The "Salomé" section of the book seems in many ways different in tone from the rest of the novel as the author veers from magical realism to political fiction, and her characters are driven more by angry and occasionally vague purposes than by any force of country or geography. Earlier sections, while encompassing the cruelty of life, focus also on the lyrical, the poetic, the magical moments. Salomé's story is unremittingly brutal, plunging us into the underground of the revolutionary Tupamaros, a terrorist group active in Uruguay in the 1960s and early '70s.

Soon enough, the prison that has thus far stood only as a looming metaphor near the family home now opens its gates to lure us into its twisted, tortured world.
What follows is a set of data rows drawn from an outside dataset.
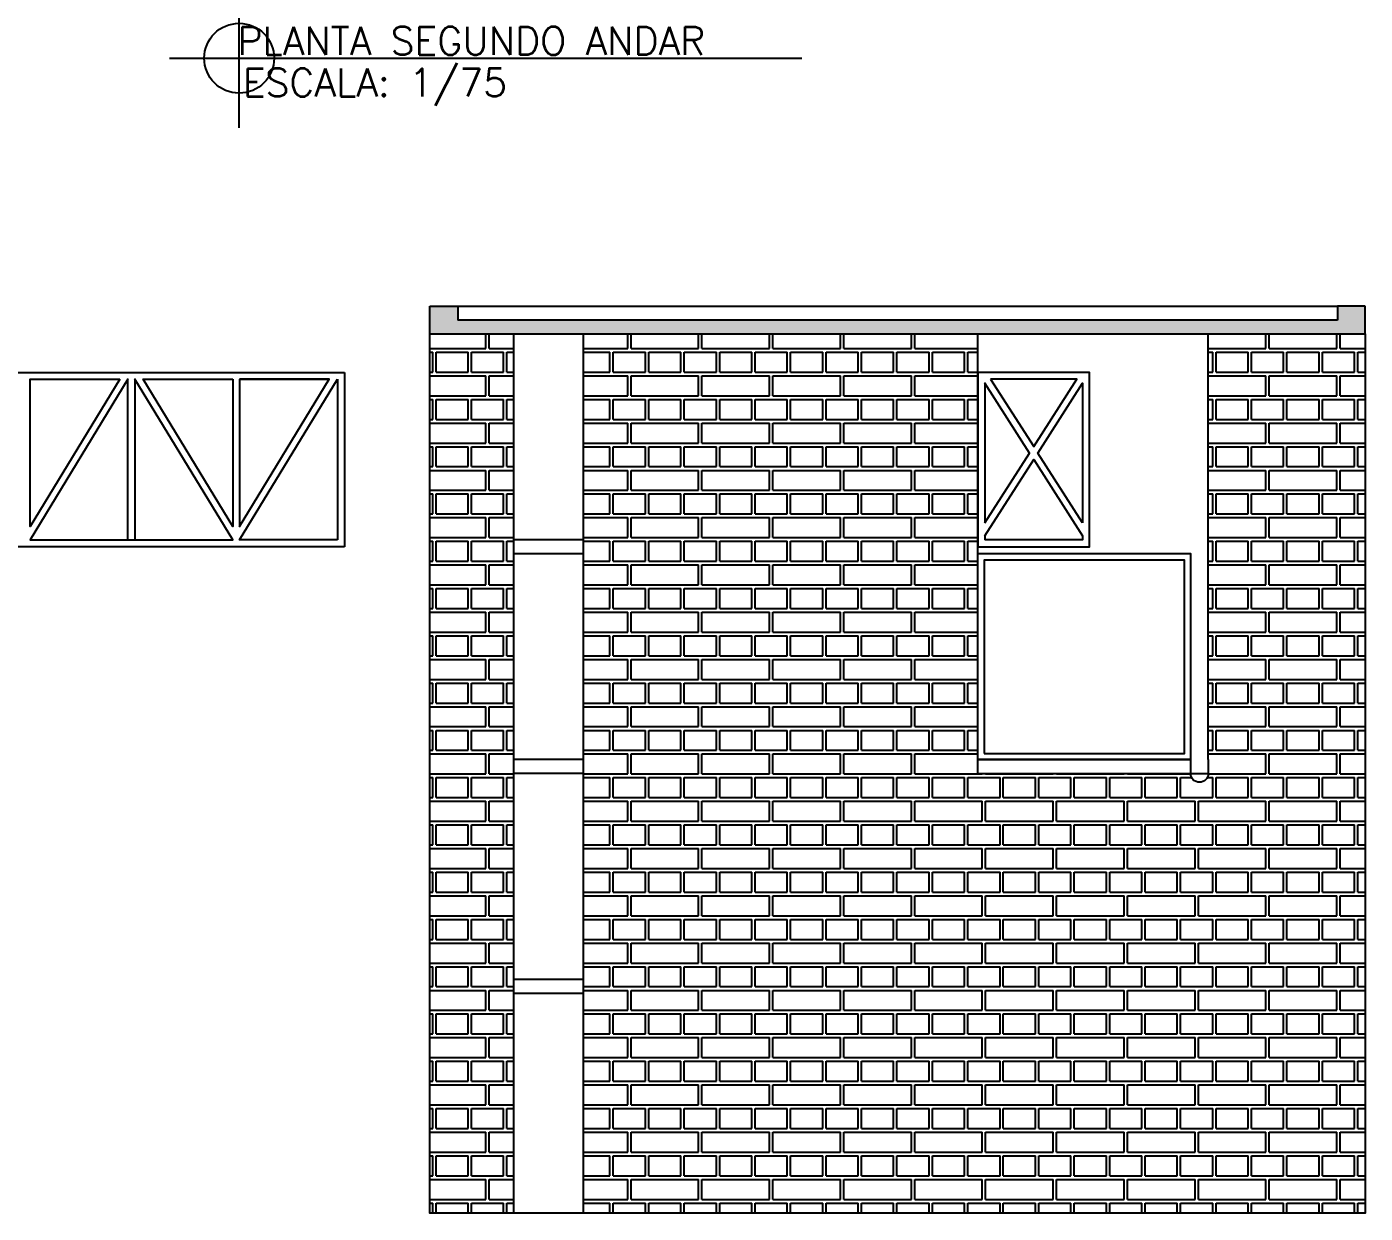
# Model space of a CAD drawing. Header units: millimetres. Extents: x 989.2 to 1073.6, y 1022.3 to 1081.3.
# Drawn here: x 1031.73 to 1050.9, y 1046.42 to 1063.42 of the extents above; entities that cross this region are included whole.
import ezdxf

# ---------------------------------------------------------------- set-up
doc = ezdxf.new("R2010")
doc.units = ezdxf.units.MM
doc.header["$PDMODE"] = 34
for name, color, linetype in [('ALVENARIA', 4, 'Continuous'), ('CAIXILHOS', 1, 'Continuous'), ('HACHURA', 253, 'Continuous'), ('TEXTOS', 2, 'Continuous')]:
    doc.layers.add(name, color=color, linetype=linetype)
doc.styles.add('1.50', font='simplex.shx', dxfattribs={"height": 0.06})

msp = doc.modelspace()

# ---------------------------------------------------------------- hatches: boundary and pattern name
at = {"layer": 'HACHURA', "ltscale": 0.05}
h = msp.add_hatch(color=256, dxfattribs=at)
h.dxf.hatch_style = 1
h.paths.add_polyline_path([(1050.904, 1059.016), (1050.904, 1059.416), (1050.504, 1059.416), (1050.504, 1059.216), (1037.904, 1059.216), (1037.904, 1059.416), (1037.504, 1059.416), (1037.504, 1059.016)])
h = msp.add_hatch(dxfattribs=at)
h.set_pattern_fill('AR-BRELM', color=256, scale=0.005)
h.paths.add_polyline_path([(1038.704, 1059.016), (1037.504, 1059.016), (1037.504, 1046.416), (1038.704, 1046.416)])
h.paths.add_polyline_path([(1050.904, 1059.016), (1048.654, 1059.016), (1048.654, 1052.916), (1048.654, 1052.716, -1), (1048.404, 1052.716), (1045.354, 1052.716), (1045.354, 1052.916), (1045.354, 1059.016), (1039.704, 1059.016), (1039.704, 1046.416), (1050.904, 1046.416)])

# ---------------------------------------------------------------- linework, layer by layer
at = {"layer": 'ALVENARIA', "color": 4, "ltscale": 0.05}
for p, q in [((1037.504, 1059.016), (1037.504, 1059.416)), ((1037.504, 1059.416), (1037.904, 1059.416)), ((1037.904, 1059.416), (1037.904, 1059.216)), ((1050.904, 1059.416), (1050.504, 1059.416)), ((1050.504, 1059.416), (1050.504, 1059.216)), ((1050.904, 1059.016), (1050.904, 1059.416)), ((1050.504, 1059.216), (1037.904, 1059.216)), ((1037.504, 1059.016), (1050.904, 1059.016))]:
    msp.add_line(p, q, dxfattribs=at)
at = {"layer": 'ALVENARIA', "color": 2, "ltscale": 0.05}
msp.add_line((1037.904, 1059.416), (1050.504, 1059.416), dxfattribs=at)
at = {"layer": 'ALVENARIA', "ltscale": 0.05}
for p, q in [((1038.704, 1046.416), (1038.704, 1059.016)), ((1039.704, 1046.416), (1039.704, 1059.016)), ((1048.654, 1052.916), (1048.654, 1059.016)), ((1045.354, 1052.716), (1045.354, 1052.916)), ((1045.354, 1052.716), (1048.404, 1052.716)), ((1048.404, 1052.716), (1048.654, 1052.716))]:
    msp.add_line(p, q, dxfattribs=at)
for points in [[(1050.904, 1059.016), (1050.904, 1046.416), (1037.504, 1046.416), (1037.504, 1059.016)], [(1045.354, 1052.916), (1048.404, 1052.916), (1045.354, 1052.916), (1045.354, 1059.016)]]:
    msp.add_lwpolyline(points, dxfattribs=at)
msp.add_lwpolyline([(1048.654, 1052.916), (1048.654, 1052.716, -1), (1048.404, 1052.716), (1048.404, 1055.866), (1045.354, 1055.866)], format="xyb", dxfattribs=at)
at = {"layer": 'CAIXILHOS', "color": 3, "ltscale": 0.05}
for p, q in [((1036.277, 1058.466), (1036.277, 1055.966)), ((1045.354, 1058.466), (1045.354, 1055.966)), ((1034.777, 1058.366), (1036.06, 1058.366)), ((1036.177, 1058.366), (1036.177, 1056.066)), ((1045.454, 1056.122), (1045.454, 1056.066)), ((1036.277, 1055.966), (1029.177, 1055.966))]:
    msp.add_line(p, q, dxfattribs=at)
at = {"layer": 'CAIXILHOS', "ltscale": 0.05}
for p, q in [((1039.704, 1056.066), (1038.704, 1056.066)), ((1039.704, 1055.866), (1038.704, 1055.866)), ((1039.704, 1052.916), (1038.704, 1052.916)), ((1039.704, 1052.716), (1038.704, 1052.716)), ((1039.704, 1049.766), (1038.704, 1049.766)), ((1039.704, 1049.566), (1038.704, 1049.566))]:
    msp.add_line(p, q, dxfattribs=at)
at = {"layer": 'CAIXILHOS', "color": 3, "ltscale": 0.05}
for points in [[(1029.177, 1058.466), (1031.327, 1058.466), (1036.277, 1058.466)], [(1045.354, 1055.966), (1046.954, 1055.966), (1046.954, 1058.466), (1045.354, 1058.466)], [(1033.177, 1056.066), (1033.177, 1058.366), (1031.777, 1056.066), (1034.677, 1056.066), (1033.277, 1058.366), (1033.277, 1056.066)], [(1036.177, 1056.066), (1034.777, 1056.066), (1036.177, 1058.366)], [(1045.454, 1056.122), (1046.154, 1057.216), (1046.854, 1056.122), (1046.854, 1056.066), (1045.454, 1056.066)]]:
    msp.add_lwpolyline(points, dxfattribs=at)
for points in [[(1033.06, 1058.366), (1031.777, 1056.258), (1031.777, 1058.366)], [(1034.677, 1058.366), (1034.677, 1056.258), (1033.394, 1058.366)], [(1034.777, 1058.366), (1034.777, 1056.258), (1036.06, 1058.366)], [(1045.454, 1056.308), (1046.094, 1057.309), (1045.454, 1058.31)], [(1045.536, 1058.366), (1046.154, 1057.401), (1046.771, 1058.366)], [(1046.854, 1056.308), (1046.213, 1057.309), (1046.854, 1058.31)]]:
    msp.add_lwpolyline(points, close=True, dxfattribs=at)
at = {"layer": 'CAIXILHOS', "ltscale": 0.05}
msp.add_lwpolyline([(1045.444, 1053.006), (1048.314, 1053.006), (1048.314, 1055.776), (1045.444, 1055.776)], close=True, dxfattribs=at)
at = {"layer": 'TEXTOS', "ltscale": 0.05}
msp.add_line((1034.77, 1062.968), (1042.832, 1062.968), dxfattribs=at)
msp.add_point((1034.77, 1062.968), dxfattribs=at)

# ---------------------------------------------------------------- texts
at = {"layer": 'TEXTOS', "ltscale": 0.05, "char_height": 0.4, "attachment_point": 1, "style": '1.50'}
for s, insert in [('PLANTA SEGUNDO ANDAR', (1034.744, 1063.418)), ('ESCALA: 1/75 ', (1034.82, 1062.819))]:
    msp.add_mtext_dynamic_manual_height_columns(s, width=12.32857, gutter_width=0.3, heights=[0], dxfattribs=dict(at, insert=insert))

doc.saveas('drawing.dxf')

The prison is the repository of countless more stories, all dark and painful and difficult to hear.

As each character continues to climb her own invisible mountain, the women's overlapping stories weave together to present an indelible image of a complex country with a rich and diverse history.

In telling the family's story, De Robertis walks in the large literary footprints of Latin American magical realism - footsteps she is only partially able to fill.

Her evocations of landscape are passionate and beautiful, helping us to feel the intense connection between geography and history and to see how the country's people are driven to move their story forward in ways that are often self-destructive.

The multigenerational scope of the story seems at times unwieldy. Nonetheless, De Robertis has created a vivid new landscape, both internal and external, and provided the reader with a glimpse of the country of her ancestry, a land haunted by a mountain that is not really a mountain.